To assess the ability of the biomarkers neuron-specific enolase (NSE), tau, neurofilament light chain (NFL), and glial fibrillary acidic protein (GFAP) to predict postoperative cognitive dysfunction (POCD) at discharge in patients who underwent cardiac surgery.
Post hoc analyses (with tests being prespecified before data analyses) from a randomized clinical trial.
Single-center study from a primary heart center in Denmark.
Adult patients undergoing elective or subacute on-pump coronary artery bypass grafting and/or aortic valve replacement.
Blood was collected before induction of anesthesia, after 24 hours, after 48 hours, and at discharge from the surgical ward. The International Study of Postoperative Cognitive Dysfunction test battery was applied to diagnose POCD at discharge and after three months. Linear mixed models of covariance were used to assess whether repeated measurements of biomarker levels were associated with POCD. Receiver operating characteristic (ROC) curves were applied to assess the predictive value of each biomarker measurement for POCD.
Measurements and Main Results
A total of 168 patients had biomarkers measured at baseline, and 47 (28%) fulfilled the POCD criteria at discharge. Patients with POCD at discharge had significantly higher levels of tau (p = 0.02) and GFAP (p = 0.01) from baseline to discharge.

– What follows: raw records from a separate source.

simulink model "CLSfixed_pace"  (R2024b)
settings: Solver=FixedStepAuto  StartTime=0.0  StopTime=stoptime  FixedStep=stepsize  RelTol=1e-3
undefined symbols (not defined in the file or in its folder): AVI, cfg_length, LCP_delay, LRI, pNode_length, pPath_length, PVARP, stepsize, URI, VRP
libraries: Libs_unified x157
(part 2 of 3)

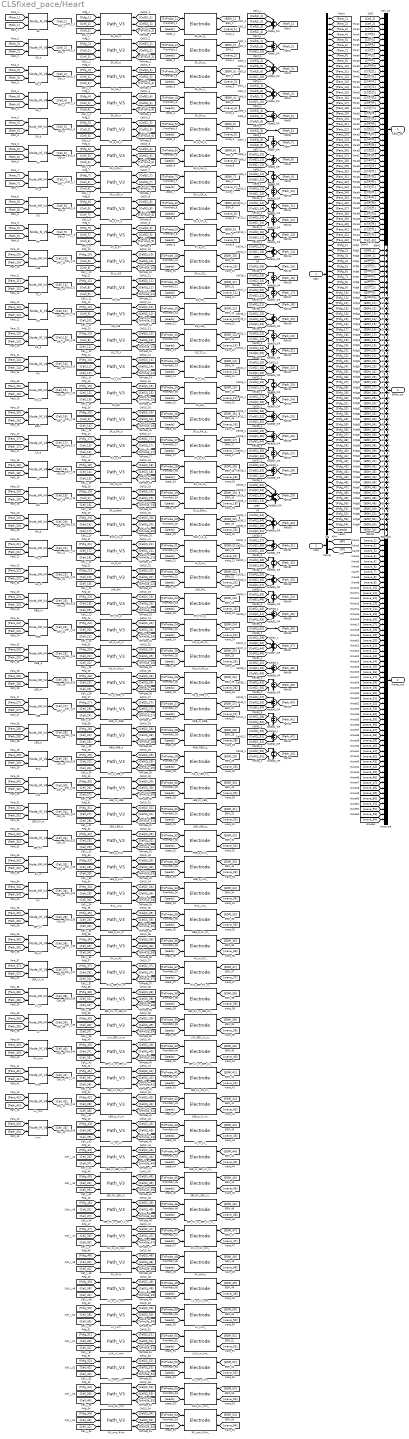
== system CLSfixed_pace/Heart ==
  Cfgin : Inport
  Pace : Inport  Port=2
  BH : Libs_unified/Node_NM_V4  SystemSampleTime=-1  VariantActivationTime=update diagram  AllowFlexibleInterface=on  Latency=0  AutoFrameSizeCalculation=off
  BH_His_p : Libs_unified/Path_V3  SystemSampleTime=-1  VariantActivationTime=update diagram  AllowFlexibleInterface=on  Latency=0  AutoFrameSizeCalculation=off
  BH_His_p_ : Libs_unified/Electrode  SystemSampleTime=-1  VariantActivationTime=update diagram  AllowFlexibleInterface=on  Latency=0  AutoFrameSizeCalculation=off
  Bach : Libs_unified/Node_M_V4  SystemSampleTime=-1  VariantActivationTime=update diagram  AllowFlexibleInterface=on  Latency=0  AutoFrameSizeCalculation=off
  Bach_LA_a : Libs_unified/Path_V3  SystemSampleTime=-1  VariantActivationTime=update diagram  AllowFlexibleInterface=on  Latency=0  AutoFrameSizeCalculation=off
  Bach_LA_a_ : Libs_unified/Electrode  SystemSampleTime=-1  VariantActivationTime=update diagram  AllowFlexibleInterface=on  Latency=0  AutoFrameSizeCalculation=off
  CN : Libs_unified/Node_N_V6  SystemSampleTime=-1  VariantActivationTime=update diagram  AllowFlexibleInterface=on  Latency=0  AutoFrameSizeCalculation=off
  CN_BH : Libs_unified/Path_V3  SystemSampleTime=-1  VariantActivationTime=update diagram  AllowFlexibleInterface=on  Latency=0  AutoFrameSizeCalculation=off
  CN_BH_ : Libs_unified/Electrode  SystemSampleTime=-1  VariantActivationTime=update diagram  AllowFlexibleInterface=on  Latency=0  AutoFrameSizeCalculation=off
  CS_LA : Libs_unified/Node_NM_V4  SystemSampleTime=-1  VariantActivationTime=update diagram  AllowFlexibleInterface=on  Latency=0  AutoFrameSizeCalculation=off
  CS_LV : Libs_unified/Node_M_V4  SystemSampleTime=-1  VariantActivationTime=update diagram  AllowFlexibleInterface=on  Latency=0  AutoFrameSizeCalculation=off
  CT : Libs_unified/Node_M_V4  SystemSampleTime=-1  VariantActivationTime=update diagram  AllowFlexibleInterface=on  Latency=0  AutoFrameSizeCalculation=off
  CT_a : Libs_unified/Node_NM_V4  SystemSampleTime=-1  VariantActivationTime=update diagram  AllowFlexibleInterface=on  Latency=0  AutoFrameSizeCalculation=off
  CT_a_CT : Libs_unified/Path_V3  SystemSampleTime=-1  VariantActivationTime=update diagram  AllowFlexibleInterface=on  Latency=0  AutoFrameSizeCalculation=off
  CT_a_CT_ : Libs_unified/Electrode  SystemSampleTime=-1  VariantActivationTime=update diagram  AllowFlexibleInterface=on  Latency=0  AutoFrameSizeCalculation=off
  Cell_out : Mux  Inputs=43
  Cfg : Demux  Outputs=[23,25,25,25,50,25,50,50,23,50,50,23,25,25,50,25,25,25,50,50,50,50,50,50,50,50,50,50,25,25,25,25,50,50,25,25,25,50,50,25,25,25,25,11,11,11,11,11,11,11,11,11,11,11,11,11,11,11,11,11,11,11,11,11,11,11,11,11,11,11,11,11,11,11,11,11,11,11,11,11,11,11,11,11,11,11,11,11,11,11,11,11,11,11,11,11,11,28]
  EGM_out : Sum  Inputs=54
  His_d : Libs_unified/Node_NM_V4  SystemSampleTime=-1  VariantActivationTime=update diagram  AllowFlexibleInterface=on  Latency=0  AutoFrameSizeCalculation=off
  His_d_LBB_m : Libs_unified/Path_V3  SystemSampleTime=-1  VariantActivationTime=update diagram  AllowFlexibleInterface=on  Latency=0  AutoFrameSizeCalculation=off
  His_d_LBB_m_ : Libs_unified/Electrode  SystemSampleTime=-1  VariantActivationTime=update diagram  AllowFlexibleInterface=on  Latency=0  AutoFrameSizeCalculation=off
  His_d_RBB_m : Libs_unified/Path_V3  SystemSampleTime=-1  VariantActivationTime=update diagram  AllowFlexibleInterface=on  Latency=0  AutoFrameSizeCalculation=off
  His_d_RBB_m_ : Libs_unified/Electrode  SystemSampleTime=-1  VariantActivationTime=update diagram  AllowFlexibleInterface=on  Latency=0  AutoFrameSizeCalculation=off
  His_m : Libs_unified/Node_NM_V4  SystemSampleTime=-1  VariantActivationTime=update diagram  AllowFlexibleInterface=on  Latency=0  AutoFrameSizeCalculation=off
  His_m_His_d : Libs_unified/Path_V3  SystemSampleTime=-1  VariantActivationTime=update diagram  AllowFlexibleInterface=on  Latency=0  AutoFrameSizeCalculation=off
  His_m_His_d_ : Libs_unified/Electrode  SystemSampleTime=-1  VariantActivationTime=update diagram  AllowFlexibleInterface=on  Latency=0  AutoFrameSizeCalculation=off
  His_p : Libs_unified/Node_NM_V4  SystemSampleTime=-1  VariantActivationTime=update diagram  AllowFlexibleInterface=on  Latency=0  AutoFrameSizeCalculation=off
  His_p_His_m : Libs_unified/Path_V3  SystemSampleTime=-1  VariantActivationTime=update diagram  AllowFlexibleInterface=on  Latency=0  AutoFrameSizeCalculation=off
  His_p_His_m_ : Libs_unified/Electrode  SystemSampleTime=-1  VariantActivationTime=update diagram  AllowFlexibleInterface=on  Latency=0  AutoFrameSizeCalculation=off
  LA : Libs_unified/Node_M_V4  SystemSampleTime=-1  VariantActivationTime=update diagram  AllowFlexibleInterface=on  Latency=0  AutoFrameSizeCalculation=off
  LA_a : Libs_unified/Node_M_V4  SystemSampleTime=-1  VariantActivationTime=update diagram  AllowFlexibleInterface=on  Latency=0  AutoFrameSizeCalculation=off
  LA_a_LA : Libs_unified/Path_V3  SystemSampleTime=-1  VariantActivationTime=update diagram  AllowFlexibleInterface=on  Latency=0  AutoFrameSizeCalculation=off
  LA_a_LA_ : Libs_unified/Electrode  SystemSampleTime=-1  VariantActivationTime=update diagram  AllowFlexibleInterface=on  Latency=0  AutoFrameSizeCalculation=off
  LBB : Libs_unified/Node_NM_V4  SystemSampleTime=-1  VariantActivationTime=update diagram  AllowFlexibleInterface=on  Latency=0  AutoFrameSizeCalculation=off
  LBB_LBB_a : Libs_unified/Path_V3  SystemSampleTime=-1  VariantActivationTime=update diagram  AllowFlexibleInterface=on  Latency=0  AutoFrameSizeCalculation=off
  LBB_LBB_a_ : Libs_unified/Electrode  SystemSampleTime=-1  VariantActivationTime=update diagram  AllowFlexibleInterface=on  Latency=0  AutoFrameSizeCalculation=off
  LBB_a : Libs_unified/Node_NM_V4  SystemSampleTime=-1  VariantActivationTime=update diagram  AllowFlexibleInterface=on  Latency=0  AutoFrameSizeCalculation=off
  LBB_a_LVA : Libs_unified/Path_V3  SystemSampleTime=-1  VariantActivationTime=update diagram  AllowFlexibleInterface=on  Latency=0  AutoFrameSizeCalculation=off
  LBB_a_LVA_ : Libs_unified/Electrode  SystemSampleTime=-1  VariantActivationTime=update diagram  AllowFlexibleInterface=on  Latency=0  AutoFrameSizeCalculation=off
  LBB_a_LV_m : Libs_unified/Path_V3  SystemSampleTime=-1  VariantActivationTime=update diagram  AllowFlexibleInterface=on  Latency=0  AutoFrameSizeCalculation=off
  LBB_a_LV_m_ : Libs_unified/Electrode  SystemSampleTime=-1  VariantActivationTime=update diagram  AllowFlexibleInterface=on  Latency=0  AutoFrameSizeCalculation=off
  LBB_m : Libs_unified/Node_NM_V4  SystemSampleTime=-1  VariantActivationTime=update diagram  AllowFlexibleInterface=on  Latency=0  AutoFrameSizeCalculation=off
  LBB_m_LBB : Libs_unified/Path_V3  SystemSampleTime=-1  VariantActivationTime=update diagram  AllowFlexibleInterface=on  Latency=0  AutoFrameSizeCalculation=off
  LBB_m_LBB_ : Libs_unified/Electrode  SystemSampleTime=-1  VariantActivationTime=update diagram  AllowFlexibleInterface=on  Latency=0  AutoFrameSizeCalculation=off
  LBB_m_SEP_LV_m : Libs_unified/Path_V3  SystemSampleTime=-1  VariantActivationTime=update diagram  AllowFlexibleInterface=on  Latency=0  AutoFrameSizeCalculation=off
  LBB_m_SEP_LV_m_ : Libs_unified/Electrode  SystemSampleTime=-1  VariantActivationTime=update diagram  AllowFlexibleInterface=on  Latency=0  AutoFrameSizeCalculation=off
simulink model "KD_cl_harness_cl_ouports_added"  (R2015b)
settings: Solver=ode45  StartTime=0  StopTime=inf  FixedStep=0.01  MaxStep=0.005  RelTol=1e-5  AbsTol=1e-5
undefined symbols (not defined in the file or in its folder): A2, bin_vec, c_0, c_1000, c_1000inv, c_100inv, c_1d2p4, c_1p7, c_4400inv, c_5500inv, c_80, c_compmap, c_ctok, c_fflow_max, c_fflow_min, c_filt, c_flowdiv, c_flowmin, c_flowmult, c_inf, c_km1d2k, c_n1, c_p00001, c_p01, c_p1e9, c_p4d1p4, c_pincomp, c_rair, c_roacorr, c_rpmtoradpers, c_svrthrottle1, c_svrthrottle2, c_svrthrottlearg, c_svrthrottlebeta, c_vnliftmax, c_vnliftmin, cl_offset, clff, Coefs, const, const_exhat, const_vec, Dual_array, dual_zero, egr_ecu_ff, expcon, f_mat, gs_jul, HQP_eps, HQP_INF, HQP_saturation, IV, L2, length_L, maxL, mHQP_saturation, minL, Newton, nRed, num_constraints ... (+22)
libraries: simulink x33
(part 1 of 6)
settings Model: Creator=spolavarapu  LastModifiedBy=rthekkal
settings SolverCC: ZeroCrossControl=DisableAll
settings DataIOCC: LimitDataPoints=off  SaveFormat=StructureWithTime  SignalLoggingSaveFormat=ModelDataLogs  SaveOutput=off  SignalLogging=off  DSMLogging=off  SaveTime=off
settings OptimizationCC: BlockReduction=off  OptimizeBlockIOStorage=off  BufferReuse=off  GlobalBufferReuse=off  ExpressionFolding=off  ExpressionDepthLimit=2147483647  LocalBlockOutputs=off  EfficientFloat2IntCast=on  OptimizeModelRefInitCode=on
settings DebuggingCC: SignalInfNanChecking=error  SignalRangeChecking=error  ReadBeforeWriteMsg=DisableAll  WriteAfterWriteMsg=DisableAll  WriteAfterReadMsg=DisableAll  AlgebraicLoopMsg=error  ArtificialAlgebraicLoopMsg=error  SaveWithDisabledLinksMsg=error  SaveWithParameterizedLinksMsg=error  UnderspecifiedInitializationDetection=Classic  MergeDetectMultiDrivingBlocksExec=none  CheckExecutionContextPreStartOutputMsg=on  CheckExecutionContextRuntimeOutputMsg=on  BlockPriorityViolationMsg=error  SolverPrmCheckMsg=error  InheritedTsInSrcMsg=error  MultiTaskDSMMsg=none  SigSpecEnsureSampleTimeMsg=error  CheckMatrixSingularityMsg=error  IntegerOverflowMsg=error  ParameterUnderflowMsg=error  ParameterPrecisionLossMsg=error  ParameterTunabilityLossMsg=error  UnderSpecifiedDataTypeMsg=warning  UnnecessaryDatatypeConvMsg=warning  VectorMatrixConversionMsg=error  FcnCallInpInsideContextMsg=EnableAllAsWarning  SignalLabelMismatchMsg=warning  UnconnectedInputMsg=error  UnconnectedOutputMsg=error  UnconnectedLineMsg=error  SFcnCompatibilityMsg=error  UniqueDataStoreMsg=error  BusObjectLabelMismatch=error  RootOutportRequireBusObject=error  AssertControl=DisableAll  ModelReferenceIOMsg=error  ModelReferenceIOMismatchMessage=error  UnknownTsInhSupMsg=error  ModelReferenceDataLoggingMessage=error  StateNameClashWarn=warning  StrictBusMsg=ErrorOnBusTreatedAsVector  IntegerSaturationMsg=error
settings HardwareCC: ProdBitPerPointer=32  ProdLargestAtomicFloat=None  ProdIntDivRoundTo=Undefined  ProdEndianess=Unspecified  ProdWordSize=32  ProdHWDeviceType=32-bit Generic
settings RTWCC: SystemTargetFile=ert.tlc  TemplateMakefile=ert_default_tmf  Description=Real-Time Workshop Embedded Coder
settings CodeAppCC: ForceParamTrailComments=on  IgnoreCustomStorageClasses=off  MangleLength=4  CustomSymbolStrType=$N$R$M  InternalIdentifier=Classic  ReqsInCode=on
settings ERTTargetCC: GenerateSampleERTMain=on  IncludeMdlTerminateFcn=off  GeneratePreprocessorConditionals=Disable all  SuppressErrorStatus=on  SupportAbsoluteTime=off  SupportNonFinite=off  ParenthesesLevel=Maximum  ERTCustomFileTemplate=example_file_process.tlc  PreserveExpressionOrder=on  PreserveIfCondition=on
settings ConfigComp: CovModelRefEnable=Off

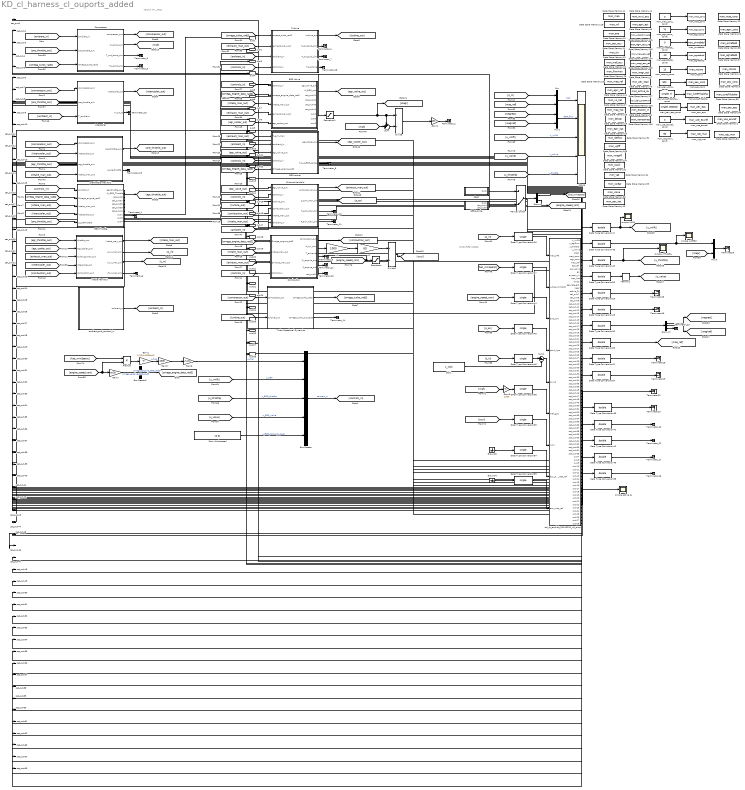
== system KD_cl_harness_cl_ouports_added ==
  note: Version A4 _ 0611
  note: SIMPLIFIED MODEL
  Bus Creator : BusCreator  Inputs=5
  Bus Creator2 : BusCreator  Inputs=1
  Combsution : Subsystem
  Compressor : Subsystem
  Data Store Memory10 : DataStoreMemory  DataStoreName=mon_ene  ReadBeforeWriteMsg=warning  WriteAfterWriteMsg=warning  WriteAfterReadMsg=warning  InitialValue=1  OutDataTypeStr=single
  Data Store Memory100 : DataStoreMemory  DataStoreName=mon_remapmap  ReadBeforeWriteMsg=warning  WriteAfterWriteMsg=warning  WriteAfterReadMsg=warning  OutDataTypeStr=single
  Data Store Memory103 : DataStoreMemory  DataStoreName=mon_egrr_ecu_ref  ReadBeforeWriteMsg=warning  WriteAfterWriteMsg=warning  WriteAfterReadMsg=warning  InitialValue=1  OutDataTypeStr=single
  Data Store Memory104 : DataStoreMemory  DataStoreName=mon_map_ecu_ref  ReadBeforeWriteMsg=warning  WriteAfterWriteMsg=warning  WriteAfterReadMsg=warning  InitialValue=1  OutDataTypeStr=single
  Data Store Memory105 : DataStoreMemory  DataStoreName=mon_wegr_ecu_ref  ReadBeforeWriteMsg=warning  WriteAfterWriteMsg=warning  WriteAfterReadMsg=warning  InitialValue=1  OutDataTypeStr=single
  Data Store Memory106 : DataStoreMemory  DataStoreName=mon_wtpostinverse  ReadBeforeWriteMsg=warning  WriteAfterWriteMsg=warning  WriteAfterReadMsg=warning  InitialValue=1  OutDataTypeStr=single
  Data Store Memory107 : DataStoreMemory  DataStoreName=mon_vwegrff  ReadBeforeWriteMsg=warning  WriteAfterWriteMsg=warning  WriteAfterReadMsg=warning  InitialValue=1  OutDataTypeStr=single
  Data Store Memory108 : DataStoreMemory  DataStoreName=mon_vgtff  ReadBeforeWriteMsg=warning  WriteAfterWriteMsg=warning  WriteAfterReadMsg=warning  InitialValue=1  OutDataTypeStr=single
  Data Store Memory11 : DataStoreMemory  DataStoreName=mon_pex_ecu  ReadBeforeWriteMsg=warning  WriteAfterWriteMsg=warning  WriteAfterReadMsg=warning  InitialValue=1  OutDataTypeStr=single
  Data Store Memory118 : DataStoreMemory  DataStoreName=mon_wf  ReadBeforeWriteMsg=warning  WriteAfterWriteMsg=warning  WriteAfterReadMsg=warning  InitialValue=1  OutDataTypeStr=single
  Data Store Memory126 : DataStoreMemory  DataStoreName=mon_delU_HQPKWIK  ReadBeforeWriteMsg=warning  WriteAfterWriteMsg=warning  WriteAfterReadMsg=warning  InitialValue=[0;0;0]  OutDataTypeStr=single
  Data Store Memory127 : DataStoreMemory  DataStoreName=mon_active_SL  ReadBeforeWriteMsg=warning  WriteAfterWriteMsg=warning  WriteAfterReadMsg=warning  OutDataTypeStr=int32
  Data Store Memory13 : DataStoreMemory  DataStoreName=mon_tin  ReadBeforeWriteMsg=warning  WriteAfterWriteMsg=warning  WriteAfterReadMsg=warning  InitialValue=1  OutDataTypeStr=single
  Data Store Memory14 : DataStoreMemory  DataStoreName=man_ntcons  ReadBeforeWriteMsg=warning  WriteAfterWriteMsg=warning  WriteAfterReadMsg=warning  InitialValue=15  OutDataTypeStr=single
  Data Store Memory2 : DataStoreMemory  DataStoreName=man_use_ecuref  ReadBeforeWriteMsg=warning  WriteAfterWriteMsg=warning  WriteAfterReadMsg=warning  OutDataTypeStr=single
  Data Store Memory20 : DataStoreMemory  DataStoreName=mon_maf_ecu  ReadBeforeWriteMsg=warning  WriteAfterWriteMsg=warning  WriteAfterReadMsg=warning  InitialValue=1  OutDataTypeStr=single
  Data Store Memory21 : DataStoreMemory  DataStoreName=man_map_cons  ReadBeforeWriteMsg=warning  WriteAfterWriteMsg=warning  WriteAfterReadMsg=warning  OutDataTypeStr=single
  Data Store Memory22 : DataStoreMemory  DataStoreName=man_egrr_cons  ReadBeforeWriteMsg=warning  WriteAfterWriteMsg=warning  WriteAfterReadMsg=warning  InitialValue=70  OutDataTypeStr=single
  Data Store Memory23 : DataStoreMemory  DataStoreName=mon_map_ref  ReadBeforeWriteMsg=warning  WriteAfterWriteMsg=warning  WriteAfterReadMsg=warning  InitialValue=1  OutDataTypeStr=single
  Data Store Memory24 : DataStoreMemory  DataStoreName=mon_egrr_ref  ReadBeforeWriteMsg=warning  WriteAfterWriteMsg=warning  WriteAfterReadMsg=warning  InitialValue=1  OutDataTypeStr=single
  Data Store Memory25 : DataStoreMemory  DataStoreName=mon_map_hat  ReadBeforeWriteMsg=warning  WriteAfterWriteMsg=warning  WriteAfterReadMsg=warning  InitialValue=1  OutDataTypeStr=single
  Data Store Memory26 : DataStoreMemory  DataStoreName=mon_egrr_hat  ReadBeforeWriteMsg=warning  WriteAfterWriteMsg=warning  WriteAfterReadMsg=warning  InitialValue=1  OutDataTypeStr=single
  Data Store Memory27 : DataStoreMemory  DataStoreName=mon_x1_hat  ReadBeforeWriteMsg=warning  WriteAfterWriteMsg=warning  WriteAfterReadMsg=warning  InitialValue=zeros(nRed,1)  OutDataTypeStr=single
  Data Store Memory28 : DataStoreMemory  DataStoreName=mon_flowmax  ReadBeforeWriteMsg=warning  WriteAfterWriteMsg=warning  WriteAfterReadMsg=warning  InitialValue=1  OutDataTypeStr=single
  Data Store Memory29 : DataStoreMemory  DataStoreName=mon_delvgt  ReadBeforeWriteMsg=warning  WriteAfterWriteMsg=warning  WriteAfterReadMsg=warning  InitialValue=1  OutDataTypeStr=single
  Data Store Memory31 : DataStoreMemory  DataStoreName=mon_delflow  ReadBeforeWriteMsg=warning  WriteAfterWriteMsg=warning  WriteAfterReadMsg=warning  InitialValue=1  OutDataTypeStr=single
  Data Store Memory32 : DataStoreMemory  DataStoreName=mon_slack  ReadBeforeWriteMsg=warning  WriteAfterWriteMsg=warning  WriteAfterReadMsg=warning  InitialValue=1  OutDataTypeStr=single
  Data Store Memory34 : DataStoreMemory  DataStoreName=mon_vgt  ReadBeforeWriteMsg=warning  WriteAfterWriteMsg=warning  WriteAfterReadMsg=warning  InitialValue=1  OutDataTypeStr=single
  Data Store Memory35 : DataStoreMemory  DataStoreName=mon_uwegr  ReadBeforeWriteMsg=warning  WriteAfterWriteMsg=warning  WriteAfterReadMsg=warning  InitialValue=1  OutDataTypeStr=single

The biomarker measurements achieving the highest area under the ROC curve for prediction of POCD at discharge were NFL measured at discharge (AUC, 0.64; 95% confidence interval [CI], 0.54-0.73), GFAP measured 48 hours after induction (AUC, 0.64; 95% CI, 0.55-0.73), and GFAP measured at discharge (AUC, 0.64; 95% CI, 0.54-0.74), corresponding to a moderate predictive ability.
Postoperative serum levels of tau and GFAP were significantly elevated in cardiac surgery patients with POCD at discharge, however, the biomarkers achieved only modest predictive abilities for POCD at discharge. Postoperative levels of NSE were not associated with POCD at discharge.